To do =
Only the lines below between the ones containing "#98=AXIS2_PLACEMENT_3D('',#95,#96,#97);" and "#107=CIRCLE('',#106,1.4);", inclusive, are to be reproduced, each exactly as it stands.

Source information =
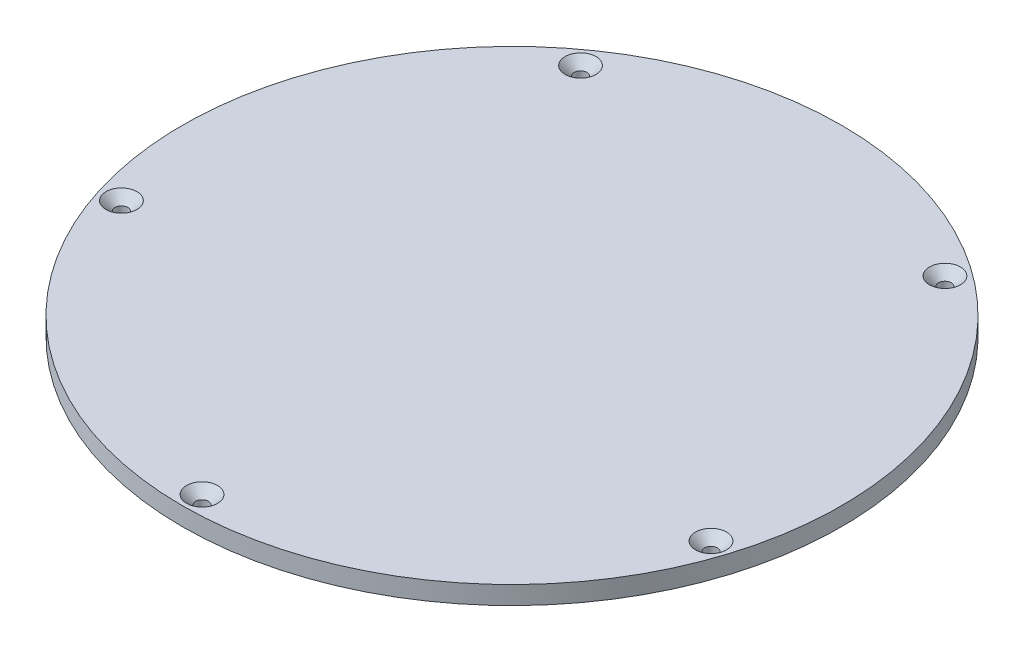
ISO-10303-21;
HEADER;
FILE_DESCRIPTION(('STEP AP214'),'2;1');
FILE_NAME('part.step','',(''),(''),'','','');
FILE_SCHEMA(('AUTOMOTIVE_DESIGN { 1 0 10303 214 1 1 1 1 }'));
ENDSEC;
DATA;
#1=APPLICATION_CONTEXT('core data for automotive mechanical design processes');
#2=APPLICATION_PROTOCOL_DEFINITION('international standard','automotive_design',2000,#1);
#3=PRODUCT_CONTEXT('',#1,'mechanical');
#4=PRODUCT('Part','Part','',(#3));
#5=PRODUCT_RELATED_PRODUCT_CATEGORY('part','',(#4));
#6=PRODUCT_DEFINITION_FORMATION('','',#4);
#7=PRODUCT_DEFINITION_CONTEXT('part definition',#1,'design');
#8=PRODUCT_DEFINITION('design','',#6,#7);
#9=PRODUCT_DEFINITION_SHAPE('','',#8);
#10=(LENGTH_UNIT() NAMED_UNIT(*) SI_UNIT(.MILLI.,.METRE.));
#11=(NAMED_UNIT(*) PLANE_ANGLE_UNIT() SI_UNIT($,.RADIAN.));
#12=(NAMED_UNIT(*) SI_UNIT($,.STERADIAN.) SOLID_ANGLE_UNIT());
#13=UNCERTAINTY_MEASURE_WITH_UNIT(LENGTH_MEASURE(1.E-05),#10,'distance_accuracy_value','');
#14=(GEOMETRIC_REPRESENTATION_CONTEXT(3) GLOBAL_UNCERTAINTY_ASSIGNED_CONTEXT((#13)) GLOBAL_UNIT_ASSIGNED_CONTEXT((#10,
#11,#12)) REPRESENTATION_CONTEXT('',''));
#15=CARTESIAN_POINT('',(0.,0.,0.));
#16=DIRECTION('',(0.,0.,1.));
#17=DIRECTION('',(1.,0.,0.));
#18=AXIS2_PLACEMENT_3D('',#15,#16,#17);
#19=CARTESIAN_POINT('',(-93.1720428349729,2.00000000000001,21.0131556174972));
#20=DIRECTION('',(0.,1.,0.));
#21=DIRECTION('',(-0.95105651629515,0.,0.309016994374958));
#22=AXIS2_PLACEMENT_3D('',#19,#20,#21);
#23=CONICAL_SURFACE('',#22,1.4,0.785398163397447);
#24=CARTESIAN_POINT('',(-93.1720428349729,4.,21.0131556174972));
#25=DIRECTION('',(0.,1.,0.));
#26=DIRECTION('',(-0.95105651629515,0.,0.309016994374958));
#27=AXIS2_PLACEMENT_3D('',#24,#25,#26);
#28=CIRCLE('',#27,3.39999999999999);
#29=CARTESIAN_POINT('',(-96.4056349903764,4.,22.063813398372));
#30=VERTEX_POINT('',#29);
#31=EDGE_CURVE('E10',#30,#30,#28,.F.);
#32=ORIENTED_EDGE('',*,*,#31,.F.);
#33=EDGE_LOOP('',(#32));
#34=FACE_BOUND('',#33,.T.);
#35=CARTESIAN_POINT('',(-93.1720428349729,2.00000000000001,21.0131556174972));
#36=DIRECTION('',(0.,1.,0.));
#37=DIRECTION('',(-0.95105651629515,0.,0.309016994374958));
#38=AXIS2_PLACEMENT_3D('',#35,#36,#37);
#39=CIRCLE('',#38,1.4);
#40=CARTESIAN_POINT('',(-94.5035219577861,2.00000000000001,21.4457794096221));
#41=VERTEX_POINT('',#40);
#42=EDGE_CURVE('E52',#41,#41,#39,.T.);
#43=ORIENTED_EDGE('',*,*,#42,.F.);
#44=EDGE_LOOP('',(#43));
#45=FACE_BOUND('',#44,.T.);
#46=ADVANCED_FACE('F41',(#34,#45),#23,.F.);
#47=CARTESIAN_POINT('',(-93.1720428349729,4.,21.0131556174972));
#48=DIRECTION('',(0.,-1.,0.));
#49=DIRECTION('',(0.95105651629515,0.,-0.309016994374958));
#50=AXIS2_PLACEMENT_3D('',#47,#48,#49);
#51=CYLINDRICAL_SURFACE('',#50,1.4);
#52=ORIENTED_EDGE('',*,*,#42,.T.);
#53=EDGE_LOOP('',(#52));
#54=FACE_BOUND('',#53,.T.);
#55=CARTESIAN_POINT('',(-93.1720428349729,0.,21.0131556174972));
#56=DIRECTION('',(0.,1.,0.));
#57=DIRECTION('',(-0.95105651629515,0.,0.309016994374958));
#58=AXIS2_PLACEMENT_3D('',#55,#56,#57);
#59=CIRCLE('',#58,1.4);
#60=CARTESIAN_POINT('',(-94.5035219577861,0.,21.4457794096221));
#61=VERTEX_POINT('',#60);
#62=EDGE_CURVE('E48',#61,#61,#59,.T.);
#63=ORIENTED_EDGE('',*,*,#62,.F.);
#64=EDGE_LOOP('',(#63));
#65=FACE_BOUND('',#64,.T.);
#66=ADVANCED_FACE('F123',(#54,#65),#51,.F.);
#67=CARTESIAN_POINT('',(-68.4695968827913,2.00000000000001,-55.0131556174961));
#68=DIRECTION('',(0.,1.,0.));
#69=DIRECTION('',(-0.58778525229248,0.,-0.809016994374942));
#70=AXIS2_PLACEMENT_3D('',#67,#68,#69);
#71=CONICAL_SURFACE('',#70,1.4,0.785398163397447);
#72=CARTESIAN_POINT('',(-68.4695968827913,4.,-55.0131556174961));
#73=DIRECTION('',(0.,1.,0.));
#74=DIRECTION('',(-0.58778525229248,0.,-0.809016994374942));
#75=AXIS2_PLACEMENT_3D('',#72,#73,#74);
#76=CIRCLE('',#75,3.39999999999999);
#77=CARTESIAN_POINT('',(-70.4680667405857,4.,-57.7638133983709));
#78=VERTEX_POINT('',#77);
#79=EDGE_CURVE('E56',#78,#78,#76,.F.);
#80=ORIENTED_EDGE('',*,*,#79,.F.);
#81=EDGE_LOOP('',(#80));
#82=FACE_BOUND('',#81,.T.);
#83=CARTESIAN_POINT('',(-68.4695968827913,2.00000000000001,-55.0131556174961));
#84=DIRECTION('',(0.,1.,0.));
#85=DIRECTION('',(-0.58778525229248,0.,-0.809016994374942));
#86=AXIS2_PLACEMENT_3D('',#83,#84,#85);
#87=CIRCLE('',#86,1.4);
#88=CARTESIAN_POINT('',(-69.2924962360008,2.00000000000001,-56.145779409621));
#89=VERTEX_POINT('',#88);
#90=EDGE_CURVE('E64',#89,#89,#87,.T.);
#91=ORIENTED_EDGE('',*,*,#90,.F.);
#92=EDGE_LOOP('',(#91));
#93=FACE_BOUND('',#92,.T.);
#94=ADVANCED_FACE('F128',(#82,#93),#71,.F.);
#95=CARTESIAN_POINT('',(-68.4695968827913,4.,-55.0131556174961));
#96=DIRECTION('',(0.,-1.,0.));
#97=DIRECTION('',(0.58778525229248,0.,0.809016994374942));
#98=AXIS2_PLACEMENT_3D('',#95,#96,#97);
#99=CYLINDRICAL_SURFACE('',#98,1.4);
#100=ORIENTED_EDGE('',*,*,#90,.T.);
#101=EDGE_LOOP('',(#100));
#102=FACE_BOUND('',#101,.T.);
#103=CARTESIAN_POINT('',(-68.4695968827913,0.,-55.0131556174961));
#104=DIRECTION('',(0.,1.,0.));
#105=DIRECTION('',(-0.58778525229248,0.,-0.809016994374942));
#106=AXIS2_PLACEMENT_3D('',#103,#104,#105);
#107=CIRCLE('',#106,1.4);
#108=CARTESIAN_POINT('',(-69.2924962360008,0.,-56.145779409621));
#109=VERTEX_POINT('',#108);
#110=EDGE_CURVE('E61',#109,#109,#107,.T.);
#111=ORIENTED_EDGE('',*,*,#110,.F.);
#112=EDGE_LOOP('',(#111));
#113=FACE_BOUND('',#112,.T.);
#114=ADVANCED_FACE('F136',(#102,#113),#99,.F.);
#115=CARTESIAN_POINT('',(11.4691974289852,2.00000000000001,-55.0131556174967));
#116=DIRECTION('',(0.,1.,0.));
#117=DIRECTION('',(0.587785252292469,0.,-0.809016994374951));
#118=AXIS2_PLACEMENT_3D('',#115,#116,#117);
#119=CONICAL_SURFACE('',#118,1.4,0.785398163397447);
#120=CARTESIAN_POINT('',(11.4691974289852,4.,-55.0131556174967));
#121=DIRECTION('',(0.,1.,0.));
#122=DIRECTION('',(0.587785252292469,0.,-0.809016994374951));
#123=AXIS2_PLACEMENT_3D('',#120,#121,#122);
#124=CIRCLE('',#123,3.39999999999999);
#125=CARTESIAN_POINT('',(13.4676672867796,4.,-57.7638133983715));
#126=VERTEX_POINT('',#125);
#127=EDGE_CURVE('E67',#126,#126,#124,.F.);
#128=ORIENTED_EDGE('',*,*,#127,.F.);
#129=EDGE_LOOP('',(#128));
#130=FACE_BOUND('',#129,.T.);
#131=CARTESIAN_POINT('',(11.4691974289852,2.00000000000001,-55.0131556174967));
#132=DIRECTION('',(0.,1.,0.));
#133=DIRECTION('',(0.587785252292469,0.,-0.809016994374951));
#134=AXIS2_PLACEMENT_3D('',#131,#132,#133);
#135=CIRCLE('',#134,1.4);
#136=CARTESIAN_POINT('',(12.2920967821947,2.00000000000001,-56.1457794096216));
#137=VERTEX_POINT('',#136);
#138=EDGE_CURVE('E73',#137,#137,#135,.T.);
#139=ORIENTED_EDGE('',*,*,#138,.F.);
#140=EDGE_LOOP('',(#139));
#141=FACE_BOUND('',#140,.T.);
#142=ADVANCED_FACE('F146',(#130,#141),#119,.F.);
#143=CARTESIAN_POINT('',(11.4691974289852,4.,-55.0131556174967));
#144=DIRECTION('',(0.,-1.,0.));
#145=DIRECTION('',(-0.587785252292469,0.,0.809016994374951));
#146=AXIS2_PLACEMENT_3D('',#143,#144,#145);
#147=CYLINDRICAL_SURFACE('',#146,1.4);
#148=ORIENTED_EDGE('',*,*,#138,.T.);
#149=EDGE_LOOP('',(#148));
#150=FACE_BOUND('',#149,.T.);
#151=CARTESIAN_POINT('',(11.4691974289852,0.,-55.0131556174967));
#152=DIRECTION('',(0.,1.,0.));
#153=DIRECTION('',(0.587785252292469,0.,-0.809016994374951));
#154=AXIS2_PLACEMENT_3D('',#151,#152,#153);
#155=CIRCLE('',#154,1.4);
#156=CARTESIAN_POINT('',(12.2920967821947,0.,-56.1457794096216));
#157=VERTEX_POINT('',#156);
#158=EDGE_CURVE('E70',#157,#157,#155,.T.);
#159=ORIENTED_EDGE('',*,*,#158,.F.);
#160=EDGE_LOOP('',(#159));
#161=FACE_BOUND('',#160,.T.);
#162=ADVANCED_FACE('F153',(#150,#161),#147,.F.);
#163=CARTESIAN_POINT('',(36.1716433811679,2.00000000000001,21.0131556174962));
#164=DIRECTION('',(0.,1.,0.));
#165=DIRECTION('',(0.951056516295155,0.,0.309016994374945));
#166=AXIS2_PLACEMENT_3D('',#163,#164,#165);
#167=CONICAL_SURFACE('',#166,1.4,0.785398163397447);
#168=CARTESIAN_POINT('',(36.1716433811679,4.,21.0131556174962));
#169=DIRECTION('',(0.,1.,0.));
#170=DIRECTION('',(0.951056516295155,0.,0.309016994374945));
#171=AXIS2_PLACEMENT_3D('',#168,#169,#170);
#172=CIRCLE('',#171,3.39999999999999);
#173=CARTESIAN_POINT('',(39.4052355365714,4.,22.063813398371));
#174=VERTEX_POINT('',#173);
#175=EDGE_CURVE('E76',#174,#174,#172,.F.);
#176=ORIENTED_EDGE('',*,*,#175,.F.);
#177=EDGE_LOOP('',(#176));
#178=FACE_BOUND('',#177,.T.);
#179=CARTESIAN_POINT('',(36.1716433811679,2.00000000000001,21.0131556174962));
#180=DIRECTION('',(0.,1.,0.));
#181=DIRECTION('',(0.951056516295155,0.,0.309016994374945));
#182=AXIS2_PLACEMENT_3D('',#179,#180,#181);
#183=CIRCLE('',#182,1.4);
#184=CARTESIAN_POINT('',(37.5031225039811,2.00000000000001,21.4457794096212));
#185=VERTEX_POINT('',#184);
#186=EDGE_CURVE('E82',#185,#185,#183,.T.);
#187=ORIENTED_EDGE('',*,*,#186,.F.);
#188=EDGE_LOOP('',(#187));
#189=FACE_BOUND('',#188,.T.);
#190=ADVANCED_FACE('F157',(#178,#189),#167,.F.);
#191=CARTESIAN_POINT('',(36.1716433811679,4.,21.0131556174962));
#192=DIRECTION('',(0.,-1.,0.));
#193=DIRECTION('',(-0.951056516295155,0.,-0.309016994374945));
#194=AXIS2_PLACEMENT_3D('',#191,#192,#193);
#195=CYLINDRICAL_SURFACE('',#194,1.4);
#196=ORIENTED_EDGE('',*,*,#186,.T.);
#197=EDGE_LOOP('',(#196));
#198=FACE_BOUND('',#197,.T.);
#199=CARTESIAN_POINT('',(36.1716433811679,0.,21.0131556174962));
#200=DIRECTION('',(0.,1.,0.));
#201=DIRECTION('',(0.951056516295155,0.,0.309016994374945));
#202=AXIS2_PLACEMENT_3D('',#199,#200,#201);
#203=CIRCLE('',#202,1.4);
#204=CARTESIAN_POINT('',(37.5031225039811,0.,21.4457794096212));
#205=VERTEX_POINT('',#204);
#206=EDGE_CURVE('E79',#205,#205,#203,.T.);
#207=ORIENTED_EDGE('',*,*,#206,.F.);
#208=EDGE_LOOP('',(#207));
#209=FACE_BOUND('',#208,.T.);
#210=ADVANCED_FACE('F164',(#198,#209),#195,.F.);
#211=CARTESIAN_POINT('',(-28.5001997269026,4.,68.));
#212=DIRECTION('',(0.,-1.,0.));
#213=DIRECTION('',(0.,0.,-1.));
#214=AXIS2_PLACEMENT_3D('',#211,#212,#213);
#215=CYLINDRICAL_SURFACE('',#214,1.4);
#216=CARTESIAN_POINT('',(-28.5001997269026,2.00000000000001,68.));
#217=DIRECTION('',(0.,1.,0.));
#218=DIRECTION('',(0.,0.,1.));
#219=AXIS2_PLACEMENT_3D('',#216,#217,#218);
#220=CIRCLE('',#219,1.4);
#221=CARTESIAN_POINT('',(-28.5001997269026,2.00000000000001,69.4));
#222=VERTEX_POINT('',#221);
#223=EDGE_CURVE('E88',#222,#222,#220,.T.);
#224=ORIENTED_EDGE('',*,*,#223,.T.);
#225=EDGE_LOOP('',(#224));
#226=FACE_BOUND('',#225,.T.);
#227=CARTESIAN_POINT('',(-28.5001997269026,0.,68.));
#228=DIRECTION('',(0.,1.,0.));
#229=DIRECTION('',(0.,0.,1.));
#230=AXIS2_PLACEMENT_3D('',#227,#228,#229);
#231=CIRCLE('',#230,1.4);
#232=CARTESIAN_POINT('',(-28.5001997269026,0.,69.4));
#233=VERTEX_POINT('',#232);
#234=EDGE_CURVE('E95',#233,#233,#231,.T.);
#235=ORIENTED_EDGE('',*,*,#234,.F.);
#236=EDGE_LOOP('',(#235));
#237=FACE_BOUND('',#236,.T.);
#238=ADVANCED_FACE('F106',(#226,#237),#215,.F.);
#239=CARTESIAN_POINT('',(-28.5001997269026,4.,0.));
#240=DIRECTION('',(0.,-1.,0.));
#241=DIRECTION('',(0.,0.,-1.));
#242=AXIS2_PLACEMENT_3D('',#239,#240,#241);
#243=CYLINDRICAL_SURFACE('',#242,72.3);
#244=CARTESIAN_POINT('',(-28.5001997269026,4.,0.));
#245=DIRECTION('',(0.,1.,0.));
#246=DIRECTION('',(0.,0.,1.));
#247=AXIS2_PLACEMENT_3D('',#244,#245,#246);
#248=CIRCLE('',#247,72.3);
#249=CARTESIAN_POINT('',(-28.5001997269026,4.,72.3));
#250=VERTEX_POINT('',#249);
#251=EDGE_CURVE('E91',#250,#250,#248,.T.);
#252=ORIENTED_EDGE('',*,*,#251,.F.);
#253=EDGE_LOOP('',(#252));
#254=FACE_BOUND('',#253,.T.);
#255=CARTESIAN_POINT('',(-28.5001997269026,0.,0.));
#256=DIRECTION('',(0.,1.,0.));
#257=DIRECTION('',(0.,0.,1.));
#258=AXIS2_PLACEMENT_3D('',#255,#256,#257);
#259=CIRCLE('',#258,72.3);
#260=CARTESIAN_POINT('',(-28.5001997269026,0.,72.3));
#261=VERTEX_POINT('',#260);
#262=EDGE_CURVE('E92',#261,#261,#259,.T.);
#263=ORIENTED_EDGE('',*,*,#262,.T.);
#264=EDGE_LOOP('',(#263));
#265=FACE_BOUND('',#264,.T.);
#266=ADVANCED_FACE('F103',(#254,#265),#243,.T.);
#267=CARTESIAN_POINT('',(0.,4.,0.));
#268=DIRECTION('',(0.,1.,0.));
#269=DIRECTION('',(0.,0.,1.));
#270=AXIS2_PLACEMENT_3D('',#267,#268,#269);
#271=PLANE('',#270);
#272=ORIENTED_EDGE('',*,*,#31,.T.);
#273=EDGE_LOOP('',(#272));
#274=FACE_BOUND('',#273,.T.);
#275=ORIENTED_EDGE('',*,*,#79,.T.);
#276=EDGE_LOOP('',(#275));
#277=FACE_BOUND('',#276,.T.);
#278=ORIENTED_EDGE('',*,*,#127,.T.);
#279=EDGE_LOOP('',(#278));
#280=FACE_BOUND('',#279,.T.);
#281=ORIENTED_EDGE('',*,*,#175,.T.);
#282=EDGE_LOOP('',(#281));
#283=FACE_BOUND('',#282,.T.);
#284=CARTESIAN_POINT('',(-28.5001997269026,4.,68.));
#285=DIRECTION('',(0.,1.,0.));
#286=DIRECTION('',(0.,0.,1.));
#287=AXIS2_PLACEMENT_3D('',#284,#285,#286);
#288=CIRCLE('',#287,3.39999999999999);
#289=CARTESIAN_POINT('',(-28.5001997269026,4.,71.4));
#290=VERTEX_POINT('',#289);
#291=EDGE_CURVE('E85',#290,#290,#288,.F.);
#292=ORIENTED_EDGE('',*,*,#291,.T.);
#293=EDGE_LOOP('',(#292));
#294=FACE_BOUND('',#293,.T.);
#295=ORIENTED_EDGE('',*,*,#251,.T.);
#296=EDGE_LOOP('',(#295));
#297=FACE_BOUND('',#296,.T.);
#298=ADVANCED_FACE('F101',(#274,#277,#280,#283,#294,#297),#271,.T.);
#299=CARTESIAN_POINT('',(0.,0.,0.));
#300=DIRECTION('',(0.,1.,0.));
#301=DIRECTION('',(0.,0.,1.));
#302=AXIS2_PLACEMENT_3D('',#299,#300,#301);
#303=PLANE('',#302);
#304=ORIENTED_EDGE('',*,*,#62,.T.);
#305=EDGE_LOOP('',(#304));
#306=FACE_BOUND('',#305,.T.);
#307=ORIENTED_EDGE('',*,*,#110,.T.);
#308=EDGE_LOOP('',(#307));
#309=FACE_BOUND('',#308,.T.);
#310=ORIENTED_EDGE('',*,*,#158,.T.);
#311=EDGE_LOOP('',(#310));
#312=FACE_BOUND('',#311,.T.);
#313=ORIENTED_EDGE('',*,*,#206,.T.);
#314=EDGE_LOOP('',(#313));
#315=FACE_BOUND('',#314,.T.);
#316=ORIENTED_EDGE('',*,*,#234,.T.);
#317=EDGE_LOOP('',(#316));
#318=FACE_BOUND('',#317,.T.);
#319=ORIENTED_EDGE('',*,*,#262,.F.);
#320=EDGE_LOOP('',(#319));
#321=FACE_BOUND('',#320,.T.);
#322=ADVANCED_FACE('F110',(#306,#309,#312,#315,#318,#321),#303,.F.);
#323=CARTESIAN_POINT('',(-28.5001997269026,2.00000000000001,68.));
#324=DIRECTION('',(0.,1.,0.));
#325=DIRECTION('',(0.,0.,1.));
#326=AXIS2_PLACEMENT_3D('',#323,#324,#325);
#327=CONICAL_SURFACE('',#326,1.4,0.785398163397447);
#328=ORIENTED_EDGE('',*,*,#291,.F.);
#329=EDGE_LOOP('',(#328));
#330=FACE_BOUND('',#329,.T.);
#331=ORIENTED_EDGE('',*,*,#223,.F.);
#332=EDGE_LOOP('',(#331));
#333=FACE_BOUND('',#332,.T.);
#334=ADVANCED_FACE('F112',(#330,#333),#327,.F.);
#335=CLOSED_SHELL('',(#46,#66,#94,#114,#142,#162,#190,#210,#238,#266,#298,#322,#334));
#336=MANIFOLD_SOLID_BREP('B2',#335);
#337=ADVANCED_BREP_SHAPE_REPRESENTATION('',(#18,#336),#14);
#338=SHAPE_DEFINITION_REPRESENTATION(#9,#337);
ENDSEC;
END-ISO-10303-21;

Answer space =
#98=AXIS2_PLACEMENT_3D('',#95,#96,#97);
#99=CYLINDRICAL_SURFACE('',#98,1.4);
#100=ORIENTED_EDGE('',*,*,#90,.T.);
#101=EDGE_LOOP('',(#100));
#102=FACE_BOUND('',#101,.T.);
#103=CARTESIAN_POINT('',(-68.4695968827913,0.,-55.0131556174961));
#104=DIRECTION('',(0.,1.,0.));
#105=DIRECTION('',(-0.58778525229248,0.,-0.809016994374942));
#106=AXIS2_PLACEMENT_3D('',#103,#104,#105);
#107=CIRCLE('',#106,1.4);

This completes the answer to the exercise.